**What you should do:** Can you write out every line from the start of the records below through the line containing "msp = doc.modelspace()", leaving out any pictures?

**Records contained in a dataset:**
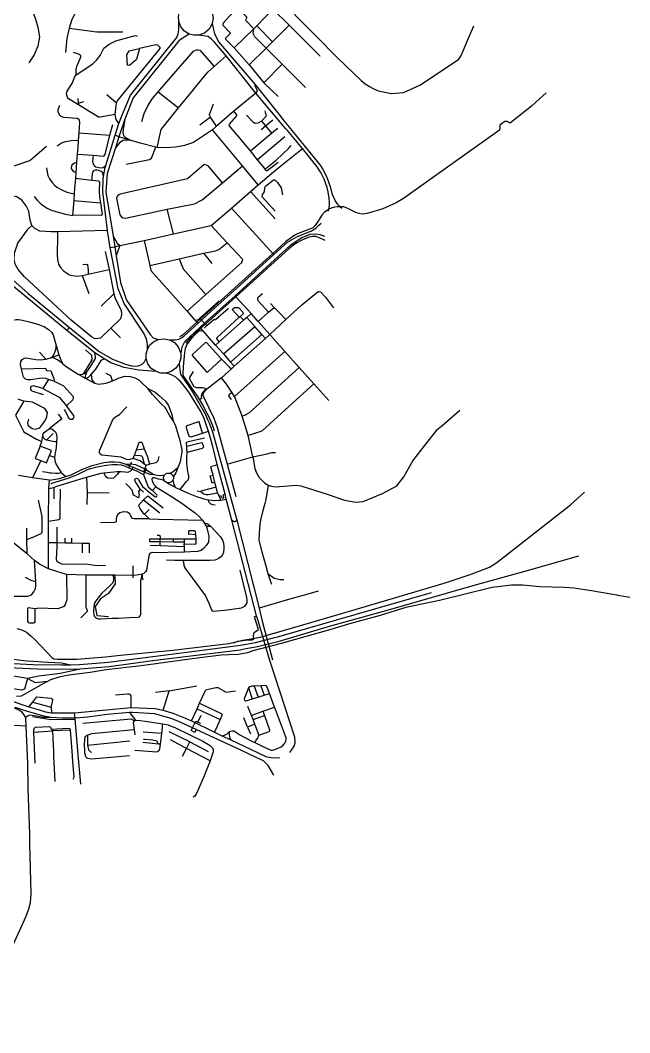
# Model space of a CAD drawing. Header units: inches. Extents: x 384787 to 391370, y 337312 to 343047.
# Drawn here: x 389574 to 391370, y 337886 to 340871 of the extents above; entities that cross this region are included whole.
import ezdxf

# ---------------------------------------------------------------- set-up
doc = ezdxf.new("R2010")
doc.units = ezdxf.units.IN
doc.header["$MEASUREMENT"] = 0

msp = doc.modelspace()

# ---------------------------------------------------------------- linework, layer by layer
for points in [[(390248.3, 341027.6), (390290.8, 340983), (390342.9, 340929.1), (390397.5, 340872.4), (390409, 340861), (390464.6, 340805.1), (390489.3, 340780.2), (390490.6, 340779), (390493.2, 340776.3), (390505.9, 340763.6), (390532.5, 340738), (390578.6, 340693.7), (390590.8, 340683.9), (390602.8, 340675.8), (390614.5, 340669.9), (390629.3, 340663.4), (390668.5, 340655.1), (390703.9, 340658.1), (390751.8, 340680), (390865.8, 340755.2), (390872.8, 340764.8), (390879.3, 340780.4), (390892.4, 340811.7), (390910.4, 340854.6)], [(389759.4, 340966.4), (389757.9, 340944.7), (389753.1, 340925.3), (389726, 340873.6), (389718.4, 340847.6), (389711.4, 340818.3), (389707.6, 340776.3)], [(390171.5, 340862.3), (390188.6, 340881.3), (390214.3, 340906.5), (390265.4, 340954.7), (390269.2, 340954.7), (390272, 340954.1), (390318.8, 340904.2)], [(390080.7, 340926.7), (390096.9, 340927.5), (390112.5, 340923.2), (390129.5, 340910.6), (390140, 340892.2), (390142.3, 340876.7), (390139.8, 340861.2), (390130.9, 340845), (390116.7, 340833), (390099.2, 340826.8), (390085.4, 340826.6), (390072, 340829.9), (390057.6, 340838.7), (390046.9, 340851.6), (390041, 340867.3), (390040.3, 340881.7), (390043.7, 340895.7)], [(390214.3, 340906.5), (390241.3, 340880.1), (390241.2, 340878.3), (390237.9, 340872.7), (390239, 340870.2), (390262.7, 340845.5)], [(390414.8, 340673.1), (390393.1, 340694.8), (390345.5, 340741.4), (390298.8, 340788.6), (390265.5, 340822.4), (390260.5, 340831.9), (390262.7, 340845.5), (390270.9, 340854.1), (390318.8, 340904.2)], [(390318.8, 340904.2), (390367, 340856.5), (390413.4, 340809.3), (390456.4, 340767.6), (390457.3, 340764.8)], [(389609.8, 340898.7), (389618.8, 340874.5), (389626, 340851), (389630.8, 340822), (389625.8, 340794.6), (389614.8, 340768.9), (389598.9, 340745.3)], [(389718.4, 340847.6), (389799.5, 340836.5), (389876.2, 340836.5)], [(389833.9, 340231.8), (389830.6, 340250.9), (389817.2, 340365.4), (389818, 340403.8), (389819.1, 340409.9), (389824, 340436.5), (389825.9, 340443.1), (389853.5, 340532), (389864.3, 340566.7), (389873.1, 340589.3), (389898.5, 340650.5), (390035, 340820.5), (390039.3, 340831.4), (390041.3, 340842.9), (390041.6, 340855.4), (390041, 340867.3)], [(390139.8, 340861.2), (390143.3, 340843.5), (390146.8, 340831.6), (390157.9, 340807.1), (390265.5, 340683), (390335.9, 340594.2), (390348.9, 340577.8), (390457.9, 340443.3), (390468, 340427.6), (390478.5, 340405.9), (390487.4, 340380.6), (390492.6, 340360.7), (390503.3, 340336.8), (390508.2, 340330.2), (390516.8, 340321.4), (390521.5, 340316.6)], [(390171.5, 340862.3), (390170.7, 340859.9), (390171.4, 340857), (390192.5, 340834.4), (390193, 340833.3), (390192.7, 340832.2), (390179.1, 340818.7), (390178.5, 340817.1), (390179.2, 340815.3), (390204.2, 340790), (390248.6, 340739.5), (390291.7, 340687), (390334.2, 340646.7)], [(390204.2, 340790), (390262.7, 340845.5)], [(390317, 340807.4), (390270.9, 340854.1)], [(390367, 340856.5), (390317, 340807.4), (390298.8, 340788.6)], [(389864.3, 340566.7), (389856.6, 340578.8), (389853.5, 340592.8), (389809.7, 340585.6), (389804.6, 340585.5), (389745.5, 340621.6), (389715.7, 340639.8), (389712.8, 340643.8), (389711.1, 340649.8), (389710.4, 340655.6), (389712.2, 340662.1), (389727.9, 340686.5), (389731.4, 340697), (389735, 340704.9), (389739.1, 340710.1), (389788, 340742.7), (389798.4, 340753.4), (389809.5, 340767.6), (389820, 340788.6), (389836.1, 340800.1), (389856.1, 340809.9), (389913, 340825.7), (389918.7, 340823.9)], [(390072, 340829.9), (390053.7, 340819.5), (390041.1, 340810.4), (389907.1, 340642.2), (389882.4, 340579.2), (389864.7, 340527.3), (389854.5, 340494.9), (389830.5, 340419.2), (389826, 340365.2), (389847.5, 340234)], [(390482.3, 340308), (390483.2, 340314), (390485, 340325.2), (390485.3, 340332.8), (390484.7, 340346.4), (390481.5, 340365.4), (390478.1, 340378.2), (390469.5, 340402.5), (390460.1, 340422.2), (390449.2, 340439.1), (390406, 340492.7), (390361.8, 340545.6), (390357, 340551.3), (390267.8, 340656.1), (390180.6, 340766.6), (390146.5, 340806.9), (390137.3, 340815.4), (390127.7, 340822.7), (390099.2, 340826.8)], [(389853.5, 340592.8), (389857.8, 340626.4), (389859.9, 340632.7), (389986.2, 340787.5), (389986, 340790.7), (389979.4, 340797.2), (389973.9, 340798.7), (389925.8, 340788.1)], [(389890.5, 340738.6), (389888.2, 340769.2), (389895.1, 340780.7), (389925.8, 340788.1), (389916.2, 340755.5), (389895.6, 340737.2), (389890.5, 340738.6)], [(389931.8, 340572.7), (389938.8, 340596.1), (389949.8, 340618.6), (389964.1, 340640.2), (389980.4, 340660.3), (390084.6, 340779.7), (390088.7, 340782.2), (390093.1, 340783.6), (390098.1, 340783.7), (390103.2, 340782.4), (390145.4, 340734.6)], [(390248.6, 340739.5), (390298.8, 340788.6)], [(389739.1, 340710.1), (389739.1, 340727.4), (389739.4, 340730.5), (389741.1, 340734.4), (389752.5, 340763.5), (389752.1, 340766.9), (389750.9, 340768.2), (389748.4, 340770.1), (389731, 340775.8)], [(389977.2, 340496.2), (389989.1, 340548.6), (390040.6, 340613.2), (390083, 340664.2), (390111.3, 340699.4), (390128.1, 340718.7), (390145.4, 340734.6), (390180.6, 340766.6)], [(390291.7, 340687), (390345.5, 340741.4)], [(390265.5, 340683), (390265.2, 340677.4), (390271.8, 340663.5), (390271.5, 340660.5), (390267.8, 340656.1)], [(389745.5, 340621.6), (389745.4, 340626.2), (389744.6, 340640.6)], [(389857.8, 340626.4), (389828.7, 340651.6)], [(390267.8, 340656.1), (390203.9, 340603), (390152.4, 340559.2), (390140.3, 340547.9), (390084.9, 340510.9), (390058.1, 340502.2), (390032.4, 340496.8), (390000.9, 340494.8), (389977.2, 340496.2), (389973.3, 340497.1), (389927.3, 340508.3), (389900.4, 340516.5), (389864.7, 340527.3), (389853.5, 340532)], [(389980.4, 340660.3), (390040.6, 340613.2)], [(391123.7, 340656.6), (391104.3, 340639.3), (391080.9, 340617.3), (391018.4, 340568.4), (391015.2, 340568.6), (391012.8, 340570.3), (391009.3, 340572.8), (391002.4, 340572.2), (390996.5, 340568.6), (390987.5, 340561.5), (390987.9, 340554), (390986.1, 340546.6), (390788.9, 340406.1), (390703.8, 340345.6), (390681.8, 340332.6), (390642.3, 340315.4), (390596.7, 340301.3), (390590, 340300), (390582.1, 340299.5), (390572.8, 340300.8), (390561.9, 340304.7), (390549.1, 340310.8), (390541.3, 340314.7), (390533, 340319.2), (390526.8, 340320.7), (390516.8, 340321.4), (390508, 340321.2), (390499.9, 340319.8), (390490.4, 340316.7), (390483.2, 340314), (390478.1, 340310.5), (390470.4, 340304.8), (390462.7, 340295.9), (390455.4, 340283.5), (390454, 340281.5), (390449.5, 340274.5), (390443.6, 340265.8), (390436.6, 340259.4), (390426.1, 340255.4), (390408.5, 340248.5), (390397.7, 340244), (390385.1, 340237.9), (390380.5, 340235.4), (390369, 340227.5), (390356.2, 340218.3), (390341.7, 340205.3), (390318, 340183.8), (390104.9, 339991), (390093.9, 339981.1), (390051.7, 339942.9), (390043.6, 339937.6)], [(389690, 340619.5), (389686.4, 340612.1), (389684.5, 340606.1), (389685.1, 340601), (389689.7, 340592.2), (389693.3, 340588.6), (389695.9, 340587), (389701.4, 340585.7), (389741.3, 340582.8), (389745, 340580.7), (389747.8, 340576.6)], [(389745.4, 340626.2), (389761.1, 340631.4)], [(390152.4, 340559.2), (390134.8, 340585.3), (390132.3, 340588.8), (390131.6, 340590.9), (390131.8, 340592.9), (390143.1, 340624.4)], [(390295.1, 340432.8), (390294.4, 340433.5), (390273.3, 340459.9), (390252.3, 340485.9), (390231.5, 340510.9), (390189.7, 340561), (390190.3, 340564.2), (390211.4, 340588.2), (390212.3, 340590), (390212.2, 340591.9), (390203.9, 340603)], [(390294.9, 340604.2), (390298.6, 340587.9), (390284.9, 340573.3), (390274.6, 340567.3), (390266.1, 340567.1), (390261.3, 340569.3), (390241.2, 340590.8)], [(389747.8, 340576.6), (389748.6, 340570.1), (389746.3, 340539.4), (389744.7, 340516.5), (389743.2, 340495.9), (389741.7, 340476.4), (389740, 340453.1), (389737.7, 340422.2), (389736.4, 340404), (389734.3, 340376), (389733, 340359.2), (389731.4, 340339.6), (389727.9, 340295.1)], [(389882.4, 340579.2), (389877.7, 340549.3), (389876.5, 340540.3), (389877.2, 340534.5), (389879.7, 340530.2), (389884.4, 340525.5), (389900.4, 340516.5)], [(390134.8, 340585.3), (390103.4, 340561.5)], [(390283.9, 340548.6), (390296.7, 340559.3), (390318.8, 340577.8)], [(390284.9, 340573.3), (390296.7, 340559.3), (390314.8, 340537.9)], [(389820.2, 340470.4), (389824, 340474.8), (389837.5, 340531.9), (389846.4, 340563.7)], [(390275.1, 340385.6), (390228.8, 340441.5), (390140.3, 340547.9)], [(390252.3, 340485.9), (390314.8, 340537.9), (390331.1, 340552.1), (390333.5, 340552)], [(389683.2, 340500.4), (389697, 340511), (389708.7, 340513.8), (389723.5, 340516.8), (389738.1, 340517.1), (389744.7, 340516.5)], [(389746.3, 340539.4), (389837.5, 340531.9)], [(389900.4, 340516.5), (389884.8, 340517.4), (389877.1, 340516.1), (389867.4, 340510.2), (389854.5, 340494.9)], [(390353.4, 340527.3), (390273.3, 340459.9)], [(389482.2, 340417.1), (389602.5, 340457.7), (389651.2, 340499.4)], [(389852.5, 340203.4), (389867.9, 340206.6), (389939.1, 340221.4), (390025.6, 340241.1), (390136.9, 340265.8), (390196.1, 340317.2), (390252.7, 340366.3), (390275.1, 340385.6), (390320, 340424.3), (390342, 340441.8), (390406, 340492.7)], [(389885.9, 340446.4), (389954.7, 340460.8), (389958, 340462.3), (389961.1, 340464.8), (389973.3, 340497.1)], [(390295.1, 340432.8), (390298.8, 340435.3), (390327.9, 340459), (390365.4, 340493.7), (390372.6, 340501.8)], [(389741.7, 340476.4), (389788.8, 340472.8), (389820.2, 340470.4)], [(389788.8, 340472.8), (389787.5, 340463.3), (389787, 340456.8), (389787.7, 340449.9), (389791.3, 340442.7), (389796.8, 340438.8), (389805.4, 340436.5)], [(389651.5, 340435.8), (389653.6, 340423.5), (389654.3, 340418.3), (389655, 340413.6), (389659.9, 340403), (389667.9, 340392.2), (389675.4, 340383.4), (389681.4, 340379), (389696.9, 340370.7), (389711.2, 340364.2), (389733, 340359.2)], [(389737.7, 340422.2), (389731.6, 340424.2), (389725.4, 340433.8), (389725.9, 340442.8), (389728.5, 340447.2), (389732.9, 340450), (389740, 340453.1)], [(389805.6, 340428.2), (389800.4, 340429), (389794.7, 340429.2), (389790.2, 340427.2), (389786.9, 340423.1), (389786.1, 340417.4), (389784.1, 340398.8)], [(389805.4, 340436.5), (389811.3, 340435.6), (389818.6, 340437.2), (389825.9, 340443.1)], [(389819.1, 340409.9), (389817, 340421.4), (389812.8, 340425.6), (389805.6, 340428.2)], [(389876, 340288.7), (389884.5, 340287.2), (390007.1, 340314.4), (390087.8, 340330.1), (390110, 340341.1), (390170.3, 340392.1), (390228.8, 340441.5)], [(390170.3, 340392.1), (390127.4, 340441.8), (390118, 340445.6), (390114.6, 340445), (390066.5, 340403.6)], [(390333.7, 340451.9), (390301.4, 340427.2), (390299.6, 340427.5), (390295.1, 340432.8)], [(389805.7, 340396.5), (389807.6, 340393.5), (389806.7, 340367.6), (389807.7, 340349.3), (389810, 340332.5), (389815.5, 340297.9), (389812.5, 340295.2), (389760.1, 340296), (389727.9, 340295.1)], [(389805.7, 340396.5), (389784.1, 340398.8), (389736.4, 340404)], [(390066.5, 340403.6), (389868.1, 340358.6), (389862.6, 340354.9), (389859.8, 340351.5), (389857.7, 340346), (389867, 340297.5), (389870.9, 340292), (389876, 340288.7)], [(390297.2, 340381.5), (390319.5, 340399.7), (390321.3, 340400.8), (390323.8, 340400.8), (390331.8, 340392.2), (390343.3, 340376.6), (390347.2, 340356.3)], [(389830.6, 340250.9), (389684.1, 340247.5), (389664.7, 340247.1), (389631.3, 340249), (389616.5, 340257.4), (389608.1, 340266), (389603, 340281.3), (389598.8, 340308.6), (389590.9, 340324.3), (389579.1, 340339.5), (389563.5, 340350), (389508.8, 340362.5), (389484.9, 340368), (389451.8, 340370.6), (389421.3, 340370.8), (389396.2, 340367.2)], [(390325.6, 340285.5), (390252.7, 340366.3)], [(390324.8, 340308.6), (390287, 340350.9), (390287.8, 340357.1), (390293.7, 340365.1), (390295, 340378), (390297.2, 340381.5)], [(389371.4, 340334.4), (389407.3, 340261.1), (389441, 340212.5), (389480.7, 340168.4), (389596.9, 340065.8), (389719.4, 339965.3), (389806.9, 339894.3), (389846.2, 339871.9), (389880.7, 339857.8), (389904.6, 339851.5), (389921.8, 339851.8), (389932.2, 339856.3), (389940.5, 339864.2), (389945.1, 339873.9)], [(389614.8, 340351.1), (389622.9, 340342), (389633, 340331.4), (389642.3, 340323.9), (389653.4, 340316.9), (389663.3, 340312), (389679.1, 340307.6), (389706.9, 340299.3), (389727.9, 340295.1)], [(389731.4, 340339.6), (389810, 340332.5)], [(390025.6, 340241.1), (390007.1, 340314.4)], [(390321.3, 340180), (390318, 340183.8), (390196.1, 340317.2)], [(389840.7, 339963.7), (389810, 339933.9), (389794.7, 339932.2), (389783.8, 339937.7), (389724, 339987), (389612.9, 340090.1), (389586.1, 340115), (389567.4, 340136.4), (389560.1, 340149.7), (389555.6, 340165.3), (389556.7, 340183.9), (389567.1, 340214.1), (389595, 340253.1), (389596.6, 340255.3), (389608.1, 340266)], [(389684.1, 340247.5), (389683.7, 340232.9), (389682.5, 340181.8), (389684, 340164.9), (389686.6, 340152.2), (389692.3, 340141.8), (389701.7, 340131.9), (389719, 340120.6), (389739.4, 340116.4), (389756.2, 340118.6), (389774.3, 340122.6), (389835.6, 340136)], [(390136.5, 340012.9), (390222.1, 340089.9), (390321.3, 340180), (390361.3, 340216.5), (390389.2, 340232.2), (390400.5, 340237.6), (390432.1, 340250.6), (390445.2, 340258.4), (390454.4, 340267.1), (390460.4, 340272.8)], [(390136.9, 340265.8), (390184.2, 340214.4), (390229.6, 340165.3)], [(389838.9, 340201.2), (389833.9, 340231.8)], [(389847.5, 340234), (389859.2, 340214.3), (389867.9, 340206.6)], [(389847.5, 340234), (389852.5, 340203.4)], [(389939.1, 340221.4), (389955.8, 340147.7), (389959, 340133.1)], [(390471.8, 340233.2), (390463.3, 340236.2), (390457.8, 340238.2), (390442.9, 340240.6), (390427.2, 340239.1), (390403.7, 340229.3), (390369.1, 340206.7), (390207.4, 340058.4), (390117.3, 339977.6), (390104.2, 339965.9), (390057.7, 339923.1), (390050.6, 339907.3), (390047, 339889.1)], [(390472.3, 340221.5), (390455.6, 340230), (390444.9, 340233.4), (390434.8, 340233.1), (390425.7, 340231.7), (390412.2, 340226.3), (390399.9, 340220.7), (390389.5, 340214.5), (390376.3, 340206.1), (390364.6, 340196.5), (390333.5, 340167.9), (390209.6, 340056), (390119.7, 339975), (390106.5, 339963.1), (390091.4, 339949.6), (390070.8, 339929.7), (390065.9, 339924.5), (390062, 339919.3)], [(389974.1, 339835), (389923.4, 339839), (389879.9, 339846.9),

**Result for this task:**
# Model space of a CAD drawing. Header units: inches. Extents: x 384787 to 391370, y 337312 to 343047.
# Drawn here: x 389574 to 391370, y 337886 to 340871 of the extents above; entities that cross this region are included whole.
import ezdxf

# ---------------------------------------------------------------- set-up
doc = ezdxf.new("R2010")
doc.units = ezdxf.units.IN
doc.header["$MEASUREMENT"] = 0

msp = doc.modelspace()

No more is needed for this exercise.